Dange bought the English weekly, Socialist, the first Indian Communist journal, in 1922. In 1925 he became one of the founders of the Communist Party of India (CPI). Dange was arrested on several occasions, including the 1929 Meerut Conspiracy case, and spent most of 1924 to 1942 in jail, where he attempted to continue political activities even though the Communist Party was banned by 1939. In 1943 he was elected president of the All India Trades Union Congress (AITUC) in recognition of his work.

Dange was elected to the Bombay Legislative Assembly as Communist candidate in 1946, and became chairman of the CPI. He was elected to the Second Lok Sabha in 1957 from Bombay City (Central) Constituency of the State of Bombay. Dange along with S.M. Joshi, N.G. Gore and P.K. Atre fought relentlessly for Sanyukta Maharashtra, a struggle that cost a lot of lives. Finally on May 1, 1960, pre-dominantly Marathi-speaking State of Maharashtra was born. Later, disputes within the party over the Sino-Indian War of 1962, when Dange supported the position held by Jawaharlal Nehru, and the scandal of the so-called Dange Letters, which suggested that Dange had betrayed the party in return for release from prison, led to the breakaway of leftists who then formed the Communist Party of India (Marxist). Dange resigned from the chairmanship of the party in 1978.

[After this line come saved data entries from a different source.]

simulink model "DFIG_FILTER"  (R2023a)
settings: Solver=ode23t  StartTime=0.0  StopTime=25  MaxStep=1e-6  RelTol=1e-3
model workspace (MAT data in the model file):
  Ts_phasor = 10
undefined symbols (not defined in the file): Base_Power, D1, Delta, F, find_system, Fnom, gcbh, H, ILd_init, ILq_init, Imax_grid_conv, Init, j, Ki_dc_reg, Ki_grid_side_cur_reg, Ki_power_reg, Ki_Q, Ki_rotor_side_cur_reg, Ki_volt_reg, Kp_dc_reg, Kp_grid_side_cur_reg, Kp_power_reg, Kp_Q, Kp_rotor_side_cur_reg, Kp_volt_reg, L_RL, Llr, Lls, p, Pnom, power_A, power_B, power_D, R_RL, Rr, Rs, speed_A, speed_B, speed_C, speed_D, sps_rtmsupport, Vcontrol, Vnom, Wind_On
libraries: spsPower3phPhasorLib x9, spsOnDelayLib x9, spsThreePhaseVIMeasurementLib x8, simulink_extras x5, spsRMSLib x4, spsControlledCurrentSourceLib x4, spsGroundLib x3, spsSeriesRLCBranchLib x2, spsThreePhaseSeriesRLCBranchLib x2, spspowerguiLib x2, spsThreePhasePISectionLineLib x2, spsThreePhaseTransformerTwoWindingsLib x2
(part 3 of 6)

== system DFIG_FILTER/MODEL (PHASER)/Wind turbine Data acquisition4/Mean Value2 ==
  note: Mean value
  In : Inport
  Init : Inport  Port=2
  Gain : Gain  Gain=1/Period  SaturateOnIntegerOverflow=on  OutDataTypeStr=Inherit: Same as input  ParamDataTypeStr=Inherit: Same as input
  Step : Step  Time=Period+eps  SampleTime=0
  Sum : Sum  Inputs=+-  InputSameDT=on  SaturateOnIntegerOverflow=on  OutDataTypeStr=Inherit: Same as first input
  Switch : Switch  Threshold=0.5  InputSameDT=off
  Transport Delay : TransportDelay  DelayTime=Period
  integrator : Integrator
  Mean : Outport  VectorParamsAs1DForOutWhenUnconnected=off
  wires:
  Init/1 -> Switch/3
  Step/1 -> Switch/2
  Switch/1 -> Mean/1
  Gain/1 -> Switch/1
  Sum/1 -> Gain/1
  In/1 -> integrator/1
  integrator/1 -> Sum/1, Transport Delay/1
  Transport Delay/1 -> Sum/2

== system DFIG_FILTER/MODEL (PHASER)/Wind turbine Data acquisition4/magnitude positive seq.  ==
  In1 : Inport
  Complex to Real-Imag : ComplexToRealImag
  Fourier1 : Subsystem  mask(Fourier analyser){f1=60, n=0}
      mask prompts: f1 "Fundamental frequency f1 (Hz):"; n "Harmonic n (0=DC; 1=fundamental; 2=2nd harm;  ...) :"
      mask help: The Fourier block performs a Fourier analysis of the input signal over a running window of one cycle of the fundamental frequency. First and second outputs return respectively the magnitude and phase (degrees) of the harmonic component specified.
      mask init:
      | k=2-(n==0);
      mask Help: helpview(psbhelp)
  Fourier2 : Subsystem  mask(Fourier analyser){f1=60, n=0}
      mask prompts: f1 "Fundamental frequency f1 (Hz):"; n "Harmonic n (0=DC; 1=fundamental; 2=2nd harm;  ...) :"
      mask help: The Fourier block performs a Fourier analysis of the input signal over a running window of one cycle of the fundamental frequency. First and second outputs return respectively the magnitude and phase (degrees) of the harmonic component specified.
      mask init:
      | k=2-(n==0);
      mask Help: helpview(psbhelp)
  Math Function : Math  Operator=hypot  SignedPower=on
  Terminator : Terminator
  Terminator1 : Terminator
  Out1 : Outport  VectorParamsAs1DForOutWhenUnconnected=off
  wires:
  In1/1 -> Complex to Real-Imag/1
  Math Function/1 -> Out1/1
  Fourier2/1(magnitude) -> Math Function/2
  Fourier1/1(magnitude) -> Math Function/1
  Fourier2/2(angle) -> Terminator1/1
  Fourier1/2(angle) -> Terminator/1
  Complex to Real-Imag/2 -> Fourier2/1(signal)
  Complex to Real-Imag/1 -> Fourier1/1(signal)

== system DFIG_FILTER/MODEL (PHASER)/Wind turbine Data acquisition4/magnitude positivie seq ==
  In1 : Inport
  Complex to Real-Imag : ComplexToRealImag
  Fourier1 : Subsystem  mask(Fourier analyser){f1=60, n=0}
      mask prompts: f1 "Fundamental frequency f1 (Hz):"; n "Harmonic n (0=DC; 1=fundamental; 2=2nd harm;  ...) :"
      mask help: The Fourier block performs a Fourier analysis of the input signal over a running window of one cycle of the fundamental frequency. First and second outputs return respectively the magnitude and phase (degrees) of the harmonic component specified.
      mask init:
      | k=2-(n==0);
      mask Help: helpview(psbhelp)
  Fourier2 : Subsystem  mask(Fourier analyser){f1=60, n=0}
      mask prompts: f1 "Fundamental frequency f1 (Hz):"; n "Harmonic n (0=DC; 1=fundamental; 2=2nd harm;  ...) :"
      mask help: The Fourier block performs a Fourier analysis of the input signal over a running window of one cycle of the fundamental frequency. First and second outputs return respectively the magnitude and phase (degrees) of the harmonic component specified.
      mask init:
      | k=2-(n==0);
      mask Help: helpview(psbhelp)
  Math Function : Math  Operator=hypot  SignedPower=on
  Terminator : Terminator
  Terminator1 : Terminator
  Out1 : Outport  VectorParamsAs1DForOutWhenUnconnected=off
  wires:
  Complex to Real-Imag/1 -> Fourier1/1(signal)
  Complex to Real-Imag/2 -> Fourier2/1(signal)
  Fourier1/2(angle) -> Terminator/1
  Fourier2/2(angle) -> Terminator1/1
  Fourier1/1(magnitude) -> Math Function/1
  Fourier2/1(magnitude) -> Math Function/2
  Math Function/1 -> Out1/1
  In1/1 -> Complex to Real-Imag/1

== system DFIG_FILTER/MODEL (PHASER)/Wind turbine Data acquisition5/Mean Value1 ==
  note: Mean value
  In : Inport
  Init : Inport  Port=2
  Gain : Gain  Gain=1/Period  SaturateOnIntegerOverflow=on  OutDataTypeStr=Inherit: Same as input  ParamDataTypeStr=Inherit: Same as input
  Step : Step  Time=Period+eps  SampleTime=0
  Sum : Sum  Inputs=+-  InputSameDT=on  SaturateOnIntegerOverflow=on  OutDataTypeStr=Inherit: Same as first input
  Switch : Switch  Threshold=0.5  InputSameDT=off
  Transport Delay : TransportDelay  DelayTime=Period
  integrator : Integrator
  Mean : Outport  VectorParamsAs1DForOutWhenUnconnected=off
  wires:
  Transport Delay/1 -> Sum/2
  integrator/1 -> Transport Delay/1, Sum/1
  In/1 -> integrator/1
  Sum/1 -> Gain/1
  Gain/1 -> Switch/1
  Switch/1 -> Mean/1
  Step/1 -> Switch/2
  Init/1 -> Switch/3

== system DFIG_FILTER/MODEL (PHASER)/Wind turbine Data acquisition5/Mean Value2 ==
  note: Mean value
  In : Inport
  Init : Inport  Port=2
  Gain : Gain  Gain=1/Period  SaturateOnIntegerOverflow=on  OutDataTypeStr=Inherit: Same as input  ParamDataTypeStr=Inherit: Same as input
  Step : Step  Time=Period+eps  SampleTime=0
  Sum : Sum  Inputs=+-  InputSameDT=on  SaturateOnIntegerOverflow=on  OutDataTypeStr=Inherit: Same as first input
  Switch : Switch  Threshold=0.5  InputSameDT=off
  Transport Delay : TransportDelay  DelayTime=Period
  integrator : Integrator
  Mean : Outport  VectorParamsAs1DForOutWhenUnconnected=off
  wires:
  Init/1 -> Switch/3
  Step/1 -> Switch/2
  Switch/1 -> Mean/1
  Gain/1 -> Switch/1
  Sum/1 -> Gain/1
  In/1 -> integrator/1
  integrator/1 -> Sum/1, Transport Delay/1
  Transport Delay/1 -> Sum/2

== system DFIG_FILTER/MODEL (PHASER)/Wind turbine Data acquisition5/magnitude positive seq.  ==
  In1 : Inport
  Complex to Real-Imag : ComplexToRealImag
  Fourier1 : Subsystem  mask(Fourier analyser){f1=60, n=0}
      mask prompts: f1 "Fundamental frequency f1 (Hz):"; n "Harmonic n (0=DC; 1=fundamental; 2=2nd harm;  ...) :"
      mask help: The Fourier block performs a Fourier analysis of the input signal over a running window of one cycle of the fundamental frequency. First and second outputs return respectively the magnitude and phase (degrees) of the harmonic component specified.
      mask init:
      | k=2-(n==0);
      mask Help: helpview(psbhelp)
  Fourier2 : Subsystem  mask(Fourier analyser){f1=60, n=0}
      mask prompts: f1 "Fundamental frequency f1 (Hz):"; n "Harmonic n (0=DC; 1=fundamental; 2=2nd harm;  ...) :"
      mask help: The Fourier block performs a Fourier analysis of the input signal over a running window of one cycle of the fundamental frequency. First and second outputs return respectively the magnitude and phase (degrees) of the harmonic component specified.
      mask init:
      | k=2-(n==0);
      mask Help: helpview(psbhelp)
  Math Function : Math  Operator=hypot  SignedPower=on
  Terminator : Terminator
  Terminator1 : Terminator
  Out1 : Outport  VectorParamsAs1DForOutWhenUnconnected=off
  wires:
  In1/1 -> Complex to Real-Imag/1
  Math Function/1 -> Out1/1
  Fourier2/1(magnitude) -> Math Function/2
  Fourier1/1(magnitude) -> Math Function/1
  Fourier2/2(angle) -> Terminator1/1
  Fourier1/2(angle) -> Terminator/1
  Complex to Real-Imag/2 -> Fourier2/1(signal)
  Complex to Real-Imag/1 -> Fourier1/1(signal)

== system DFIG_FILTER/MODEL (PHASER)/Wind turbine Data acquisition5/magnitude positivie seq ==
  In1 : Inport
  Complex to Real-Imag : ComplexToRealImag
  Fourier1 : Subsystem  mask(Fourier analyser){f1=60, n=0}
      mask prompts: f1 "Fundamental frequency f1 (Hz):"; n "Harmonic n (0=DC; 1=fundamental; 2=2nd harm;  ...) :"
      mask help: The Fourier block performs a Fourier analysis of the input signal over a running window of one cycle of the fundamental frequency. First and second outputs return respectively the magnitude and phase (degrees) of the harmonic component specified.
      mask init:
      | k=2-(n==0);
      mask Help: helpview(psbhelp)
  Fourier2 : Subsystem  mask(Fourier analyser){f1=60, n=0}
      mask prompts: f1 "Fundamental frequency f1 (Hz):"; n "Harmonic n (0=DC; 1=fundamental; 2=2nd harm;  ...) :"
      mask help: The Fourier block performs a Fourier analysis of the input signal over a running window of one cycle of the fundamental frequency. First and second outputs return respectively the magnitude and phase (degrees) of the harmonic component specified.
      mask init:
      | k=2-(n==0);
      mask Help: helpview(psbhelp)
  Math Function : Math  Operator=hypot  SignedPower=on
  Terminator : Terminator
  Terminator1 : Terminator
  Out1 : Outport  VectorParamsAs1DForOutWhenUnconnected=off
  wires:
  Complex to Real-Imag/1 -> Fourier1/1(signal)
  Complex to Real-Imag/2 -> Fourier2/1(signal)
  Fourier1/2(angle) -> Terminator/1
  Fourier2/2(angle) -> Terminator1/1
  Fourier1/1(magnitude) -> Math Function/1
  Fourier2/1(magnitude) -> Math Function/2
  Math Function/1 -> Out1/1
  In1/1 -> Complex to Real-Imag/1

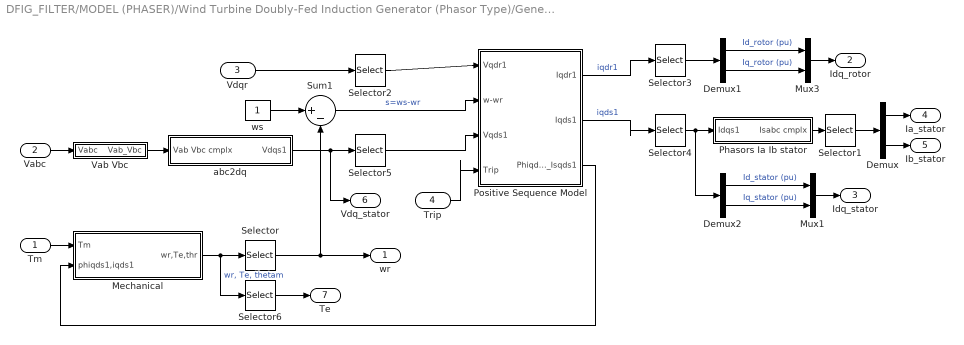
== system DFIG_FILTER/MODEL (PHASER)/Wind Turbine Doubly-Fed Induction Generator (Phasor Type)/Generator & Converters/Asynchronous machine Positive sequence phasor model Inputs and outputs are in per unit (pu) ==
  Tm : Inport
  Vabc : Inport  Port=2
  "Vdqr " : Inport  Port=3
  Trip : Inport  Port=4
  Demux : Demux  Outputs=2
      settings: DisplayOption=none
  Demux1 : Demux  Outputs=2
      settings: DisplayOption=none
  Demux2 : Demux  Outputs=2
      settings: DisplayOption=none
  Mechanical : Subsystem
  Mux1 : Mux  Inputs=2
  Mux3 : Mux  Inputs=2
  Phasors Ia Ib stator : Subsystem
  Positive Sequence Model : Subsystem
  Selector : Selector  InputPortWidth=3  IndexOptions=Index vector (dialog)  Indices=1  OutputSizes=1
  Selector1 : Selector  InputPortWidth=3  IndexOptions=Index vector (dialog)  Indices=[1 2]  OutputSizes=1
  Selector{2..5} (4 alike) : Selector  InputPortWidth=2  IndexOptions=Index vector (dialog)  Indices=[2 1]  OutputSizes=1
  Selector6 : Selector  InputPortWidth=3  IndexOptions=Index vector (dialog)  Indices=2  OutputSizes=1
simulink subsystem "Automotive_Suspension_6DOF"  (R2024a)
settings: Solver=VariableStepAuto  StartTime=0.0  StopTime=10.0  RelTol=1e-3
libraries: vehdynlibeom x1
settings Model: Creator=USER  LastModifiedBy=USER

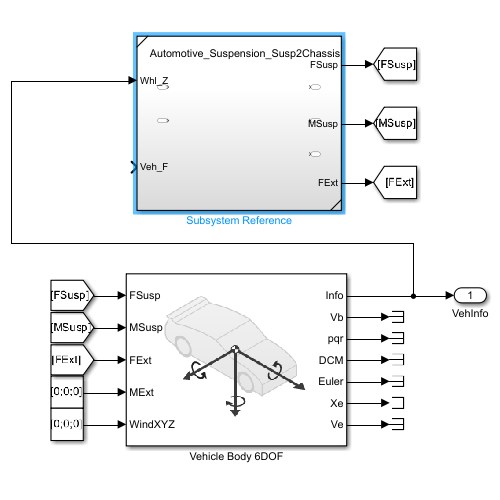
[thumbnail: Simulink's stored preview of the top-level diagram]
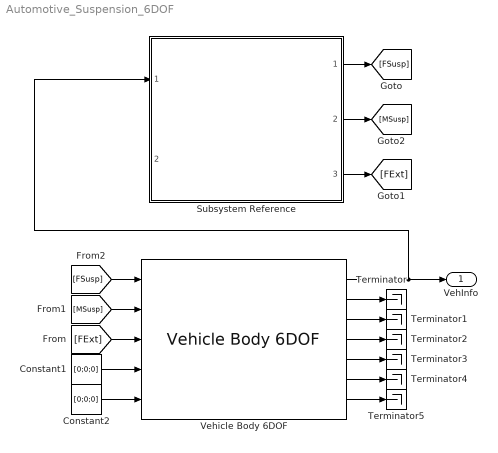
== system Automotive_Suspension_6DOF ==
  Constant1 : Constant  Value=[0;0;0]
  Constant2 : Constant  Value=[0;0;0]
  Subsystem Reference : Subsystem  ReferencedSubsystem=Automotive_Suspension_Susp2Chassis
  Terminator{,1..5} (6 alike) : Terminator
  Vehicle Body 6DOF : vehdynlibeom/Vehicle Body 6DOF  extPos=on  extVel=on  extEuler=on  extRotRate=on  htchFMode=off  htchMMode=off  m=2000  a=1.4  b=1.6  d=0  h=0.35  dh=1  hl=0  hh=0.1  Xe_o=[0,0,0]  xbdot_o=[0,0,0]  eul_o=[0,0,0]  p_o=[0,0,0]  Iveh=[430 0 0; 0 1900 0; 0 0 2100]  w=[1.9,1.9]  z1m=0  z1R=[-.25,.125,.15]  z1I=[1.4,-.2,.1;-.2,1.4,.1;.1,.1,2.25].*0  z2m=0  z2R=[1.4,0,.8]  z2I=[1.4,-.2,.1;-.2,1.4,.1;.1,.1,2.25].*0  z3m=0  z3R=[.75,-.5,.4]  z3I=[5,-.1,-2;-2,9,.1;-.1,.1,6].*0  z4m=0  z4R=[.75,.5,.4]  z4I=[5,-.1,-2;-2,9,.1;-.1,.1,6].*0  z5m=0  z5R=[1.25,-.5,.4]  z5I=[5,-.1,-2;-2,9,.1;-.1,.1,6].*0  z6m=0  z6R=[1.25,-.5,.4]  z6I=[5,-.1,-2;-2,9,.1;-.1,.1,6].*0  z7m=0  z7R=[2,0,.25]  z7I=[1.4,-.2,.1;-.2,1.4,.1;.1,.1,2.25].*0  Af=2  Cd=.3  Cl=.1  Cpm=.1  beta_w=[0:0.001:0.01]  Cs=[0:0.01:0.1]  Cym=[0:0.001:0.01]  Pabs=101325  extTamb=off  Tair=273  g=9.81  xdot_tol=.1  longOff=0  latOff=0  vertOff=0  wrapAng=on  aMode=2
  VehInfo : Outport
  wires:
  Vehicle Body 6DOF/2 -> Terminator/1
  Vehicle Body 6DOF/3 -> Terminator1/1
  Vehicle Body 6DOF/7 -> Terminator5/1
  Vehicle Body 6DOF/6 -> Terminator4/1
  Vehicle Body 6DOF/5 -> Terminator3/1
  Vehicle Body 6DOF/4 -> Terminator2/1
  Vehicle Body 6DOF/1 -> Subsystem Reference/1, VehInfo/1
  Constant1/1 -> Vehicle Body 6DOF/4
  Constant2/1 -> Vehicle Body 6DOF/5
  [FExt] -> Vehicle Body 6DOF/3
  [MSusp] -> Vehicle Body 6DOF/2
  [FSusp] -> Vehicle Body 6DOF/1
  Subsystem Reference/1 -> [FSusp]
  Subsystem Reference/2 -> [MSusp]
  Subsystem Reference/3 -> [FExt]

Dange is regarded as a pioneer of the trade union movement in India, as well as one of the key figures in Indian Communism. He was more a practitioner than a Marxist intellectual. He also published his major work, India from Primitive Communism to Slavery, a Marxist analysis of Indian history, in 1949.

Dange died at a Bombay hospital on May 22, 1991. He was given a State funeral by the Maharashtra State government. He was survived by his wife Ushatai and daughter, Roza Deshpande. On December 10, 2004, The Indian Parliament honoured him when Dr. Manmohan Singh, Prime Minister of India unveiled his statue along with other left leaders such as Acharya Narendra Deva and A. K. Gopalan in Parliament House. The 9-feet high bronze statue of Dange, sculpted by Vithoba Panchal, has been donated by the labor organization, Shramik Pratishthan, Mumbai.